PROBLEM TO WORK ON: Your reply should be one number, which is how many lines in the listing below contain "Mode".
── DATA UNDER STUDY
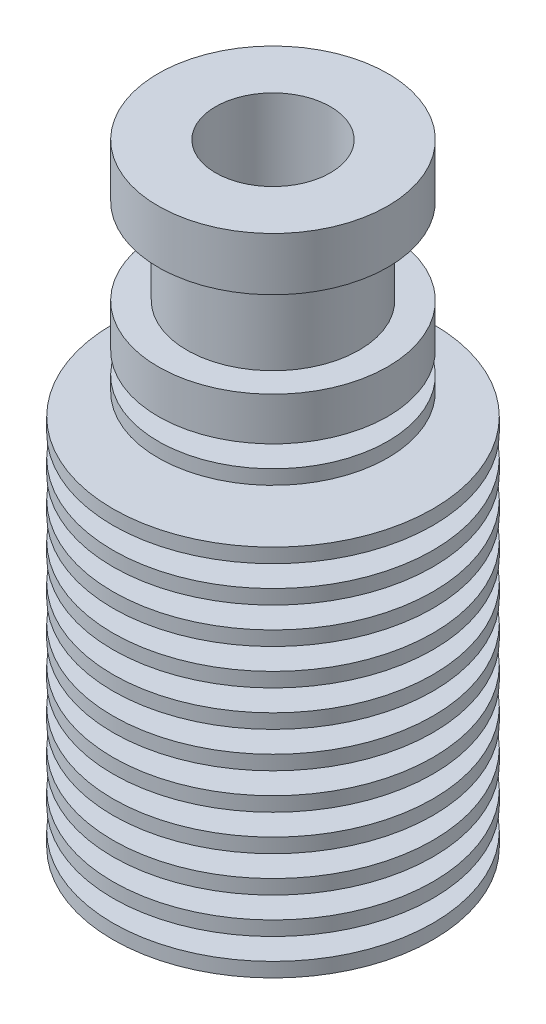
from build123d import *

# Parameters (mm, degrees)
TAP_DRILL_FOR_M7X1_0_TAP3_D     = 6
TAP_DRILL_FOR_M7X1_0_TAP3_DEPTH = 10.5


with BuildPart() as part:
    # Sketch1 → Revolve1 (revolve)
    with BuildSketch(Plane.XY):
        Polygon((0, 0), (-8, 0), (-8, -3.7), (-6, -3.7), (-6, -9.7), (-8, -9.7), (-8, -12.7), (-4.5, -12.7), (-4.5, -14.2), (-8, -14.2), (-8, -15.2), (-4.659090909, -15.2), (-4.659090909, -16.7), (-11.15, -16.7), (-11.15, -17.7), (-4.818181818, -17.7), (-4.818181818, -19.2), (-11.15, -19.2), (-11.15, -20.2), (-4.977272727, -20.2), (-4.977272727, -21.7), (-11.15, -21.7), (-11.15, -22.7), (-5.136363636, -22.7), (-5.136363636, -24.2), (-11.15, -24.2), (-11.15, -25.2), (-5.295454545, -25.2), (-5.295454545, -26.7), (-11.15, -26.7), (-11.15, -27.7), (-5.454545455, -27.7), (-5.454545455, -29.2), (-11.15, -29.2), (-11.15, -30.2), (-5.613636364, -30.2), (-5.613636364, -31.7), (-11.15, -31.7), (-11.15, -32.7), (-5.772727273, -32.7), (-5.772727273, -34.2), (-11.15, -34.2), (-11.15, -35.2), (-5.931818182, -35.2), (-5.931818182, -36.7), (-11.15, -36.7), (-11.15, -37.7), (-6.090909091, -37.7), (-6.090909091, -39.2), (-11.15, -39.2), (-11.15, -40.2), (-6.25, -40.2), (-6.25, -41.7), (-11.15, -41.7), (-11.15, -42.7), (0, -42.7), align=None)
    revolve(axis=Axis((0, -42.7, 0), (0, 1, 0)))

    # Tap Drill for M7x1.0 Tap3
    with Locations(Plane(origin=(0, -42.7, 0), x_dir=(-1, 0, 0), z_dir=(0, -1, 0))):
        with Locations((0, 0)):
            Hole(TAP_DRILL_FOR_M7X1_0_TAP3_D / 2, depth=TAP_DRILL_FOR_M7X1_0_TAP3_DEPTH)

    # Sketch1_4 → Cut-Revolve1 (revolve, cut)
    with BuildSketch(Plane.XY):
        Polygon((0, -42.7), (0, 0), (-4, 0), (-4, -6.5), (-2, -7.654700538), (-2, -27.29955572), (-2, -42.7), align=None)
    revolve(axis=Axis((0, -42.7, 0), (0, 1, 0)), mode=Mode.SUBTRACT)


solid = part.part
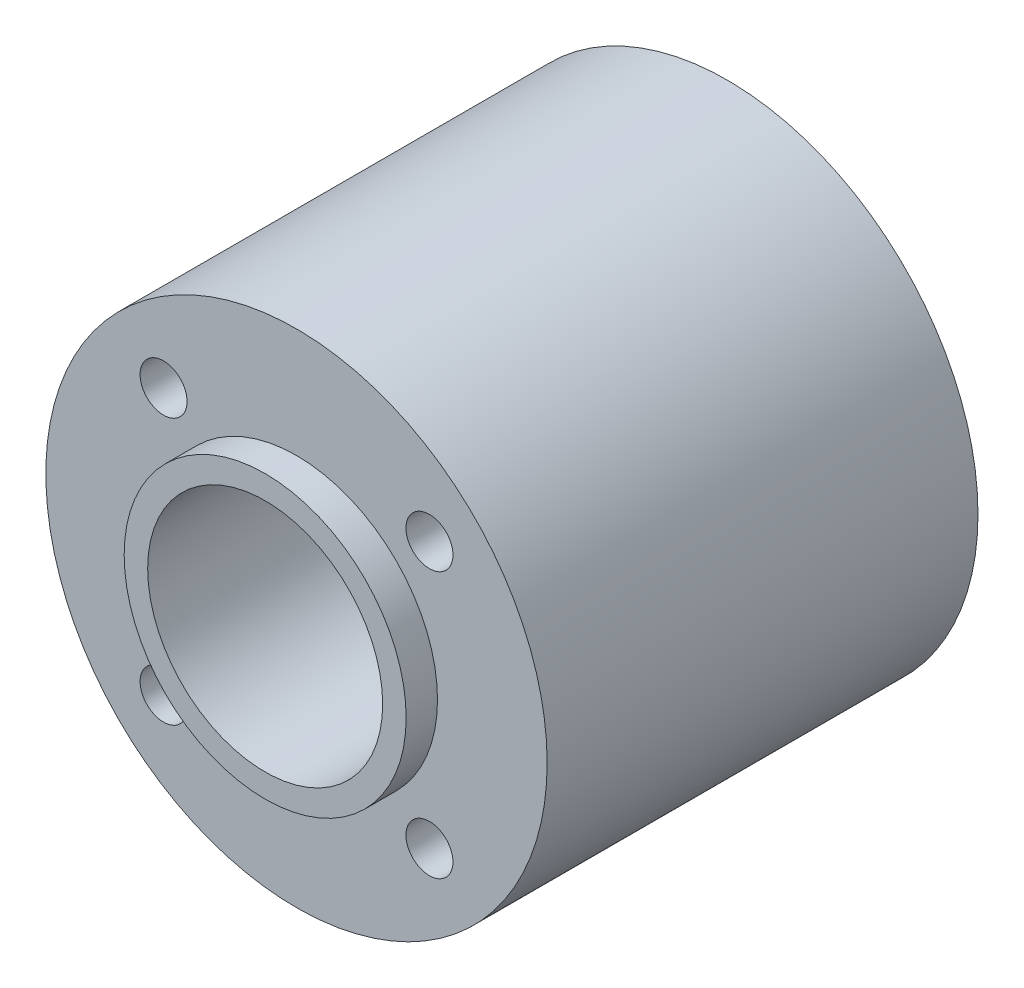
from build123d import *

# Parameters (mm, degrees)
SKETCH1_R           = 16
SKETCH1_R_2         = 9
SKETCH1_R_3         = 7.5
BOSS_EXTRUDE1_DEPTH = 27.5
SKETCH1_3_R         = 9
SKETCH1_3_R_2       = 7.5
BOSS_EXTRUDE2_DEPTH = 2
SKETCH3_R           = 1.5
CUT_EXTRUDE1_DEPTH  = 47
BOSS_EXTRUDE5_START = -27.5
SKETCH1_5_R         = 9
SKETCH1_5_R_2       = 7.5
BOSS_EXTRUDE5_DEPTH = 2
SCALE1_SCALE        = 1.667


with BuildPart() as part:
    # Sketch1 → Boss-Extrude1 (new body)
    with BuildSketch(Plane.XY):
        Circle(SKETCH1_R)
        Circle(SKETCH1_R_2, mode=Mode.SUBTRACT)
        Circle(SKETCH1_R_2)
        Circle(SKETCH1_R_3, mode=Mode.SUBTRACT)
    extrude(amount=-BOSS_EXTRUDE1_DEPTH)

    # Sketch1_3 → Boss-Extrude2 (add)
    with BuildSketch(Plane.XY):
        Circle(SKETCH1_3_R)
        Circle(SKETCH1_3_R_2, mode=Mode.SUBTRACT)
    extrude(amount=BOSS_EXTRUDE2_DEPTH)

    # Sketch3 → Cut-Extrude1 (cut)
    with BuildSketch(Plane.XY):
        with Locations((-8.485281374, 8.485281374)):
            Circle(SKETCH3_R)
        with Locations((8.485281374, 8.485281374)):
            Circle(SKETCH3_R)
        with Locations((8.485281374, -8.485281374)):
            Circle(SKETCH3_R)
        with Locations((-8.485281374, -8.485281374)):
            Circle(SKETCH3_R)
    extrude(amount=-CUT_EXTRUDE1_DEPTH, mode=Mode.SUBTRACT)

    # Sketch1_5 → Boss-Extrude5 (add)
    with BuildSketch(Plane.XY.offset(BOSS_EXTRUDE5_START)):
        Circle(SKETCH1_5_R)
        Circle(SKETCH1_5_R_2, mode=Mode.SUBTRACT)
    extrude(amount=-BOSS_EXTRUDE5_DEPTH)


with BuildPart() as part_1:
    # Scale1: scaled about (0, 0, -13.75)
    add(part.part.scale(SCALE1_SCALE).moved(Location((0, 0, 9.17125))))


solid = part_1.part
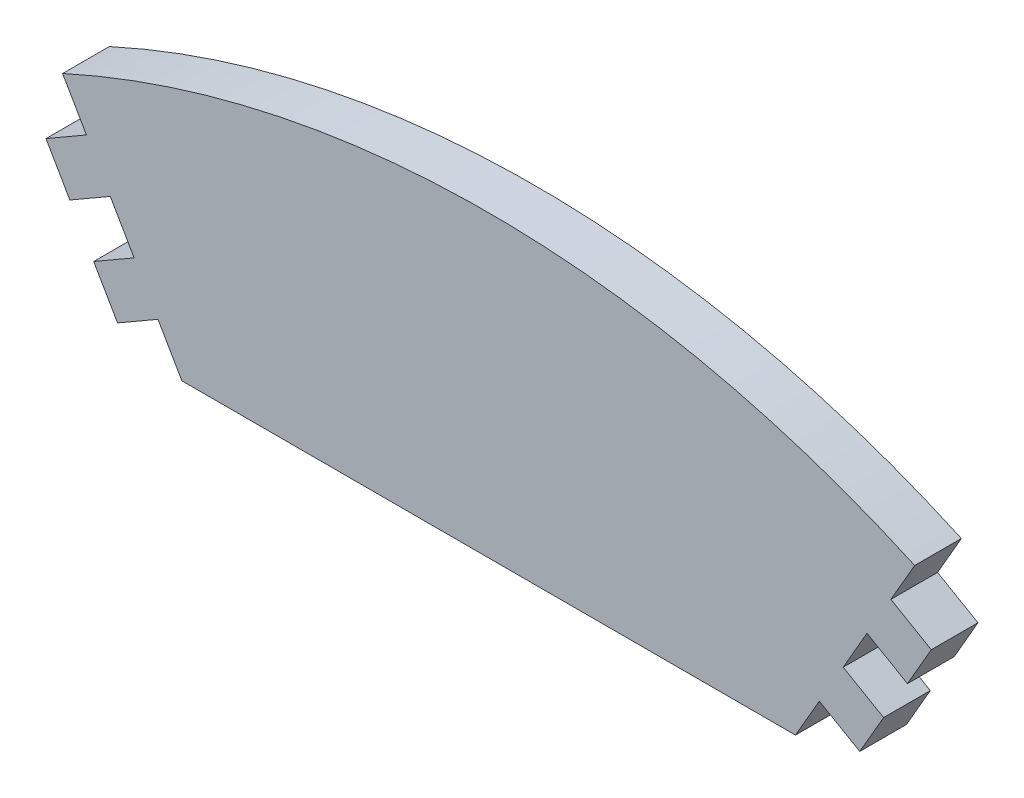
from build123d import *

# Parameters (mm, degrees)
BOSS_EXTRUDE1_DEPTH = 5


with BuildPart() as part:
    # Sketch1 → Boss-Extrude1 (new body)
    with BuildSketch(Plane.XY):
        with BuildLine():
            Line((-32.85, 77.986683936), (32.85, 77.986683936))
            Line((32.85, 77.986683936), (35.403, 82.408609648))
            Line((35.403, 82.408609648), (39.733127019, 79.908609648))
            Line((39.733127019, 79.908609648), (42.286127019, 84.330535359))
            Line((42.286127019, 84.330535359), (37.956, 86.830535359))
            Line((37.956, 86.830535359), (40.509, 91.252461071))
            Line((40.509, 91.252461071), (44.839127019, 88.752461071))
            Line((44.839127019, 88.752461071), (47.392127019, 93.174386783))
            Line((47.392127019, 93.174386783), (43.062, 95.674386783))
            Line((43.062, 95.674386783), (45.615, 100.096312495))
            ThreePointArc((45.615, 100.096312495), (0, 110), (-45.615, 100.096312495))
            Line((-45.615, 100.096312495), (-43.062, 95.674386783))
            Line((-43.062, 95.674386783), (-47.392127019, 93.174386783))
            Line((-47.392127019, 93.174386783), (-44.839127019, 88.752461071))
            Line((-44.839127019, 88.752461071), (-40.509, 91.252461071))
            Line((-40.509, 91.252461071), (-37.956, 86.830535359))
            Line((-37.956, 86.830535359), (-42.286127019, 84.330535359))
            Line((-42.286127019, 84.330535359), (-39.733127019, 79.908609648))
            Line((-39.733127019, 79.908609648), (-35.403, 82.408609648))
            Line((-35.403, 82.408609648), (-32.85, 77.986683936))
        make_face()
    extrude(amount=BOSS_EXTRUDE1_DEPTH)


solid = part.part
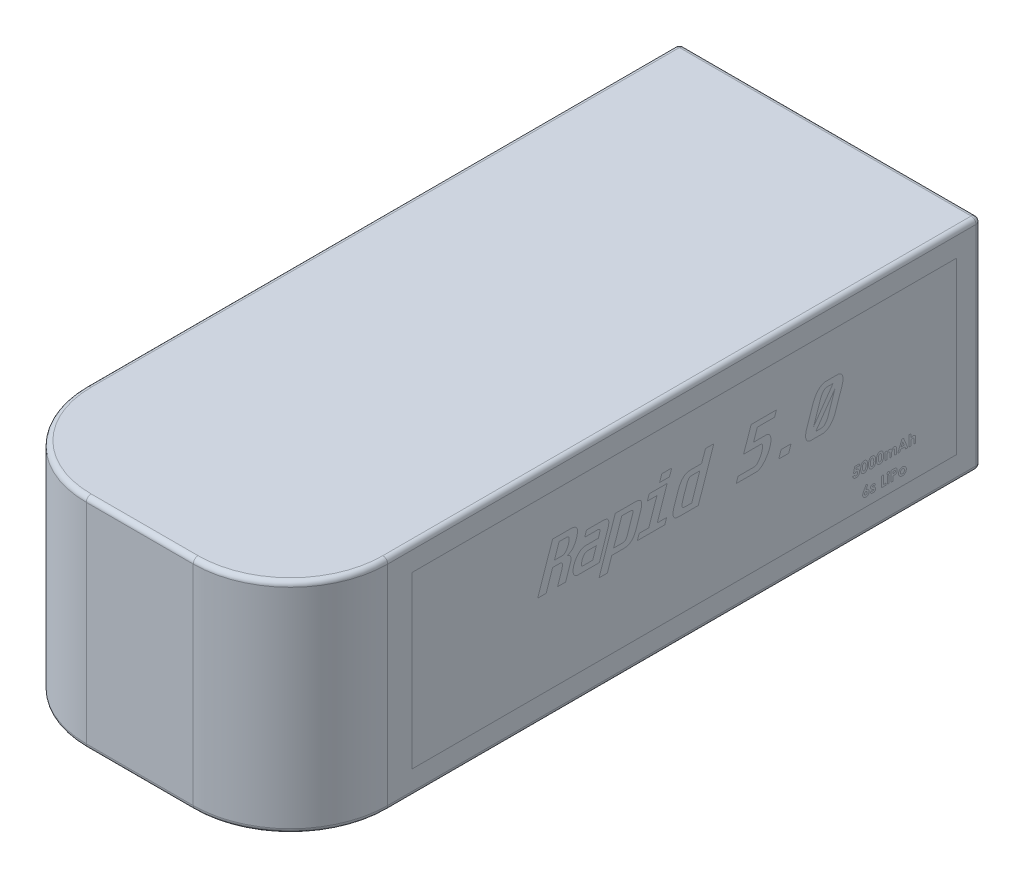
from build123d import *

# Parameters (mm, degrees)
SKETCH1_W           = 62
SKETCH1_H           = 45
BOSS_EXTRUDE1_DEPTH = 142
FILLET1_R           = 20
FILLET2_R           = 1


with BuildPart() as part:
    # Sketch1 → Boss-Extrude1 (new body)
    with BuildSketch(Plane.XY):
        Rectangle(SKETCH1_W, SKETCH1_H)
    extrude(amount=BOSS_EXTRUDE1_DEPTH)

    # Fillet1
    fillet1_edges = [part.edges().sort_by_distance(p)[0] for p in [
        (31, 0, 142),
        (-31, 0, 142),
    ]]
    fillet(fillet1_edges, radius=FILLET1_R)

    # Fillet2
    fillet2_edges = [part.edges().sort_by_distance(p)[0] for p in [
        (0, -22.5, 142),
        (0, 22.5, 142),
        (31, -22.5, 61),
        (-31, -22.5, 61),
        (25.142135624, -22.5, 136.142135624),
        (-25.142135624, -22.5, 136.142135624),
        (-31, 22.5, 61),
        (31, 22.5, 61),
        (25.142135624, 22.5, 136.142135624),
        (-25.142135624, 22.5, 136.142135624),
        (0, 22.5, 0),
        (31, 0, 0),
        (0, -22.5, 0),
        (-31, 0, 0),
    ]]
    fillet(fillet2_edges, radius=FILLET2_R)


solid = part.part
────
ANSWER SPACE: 6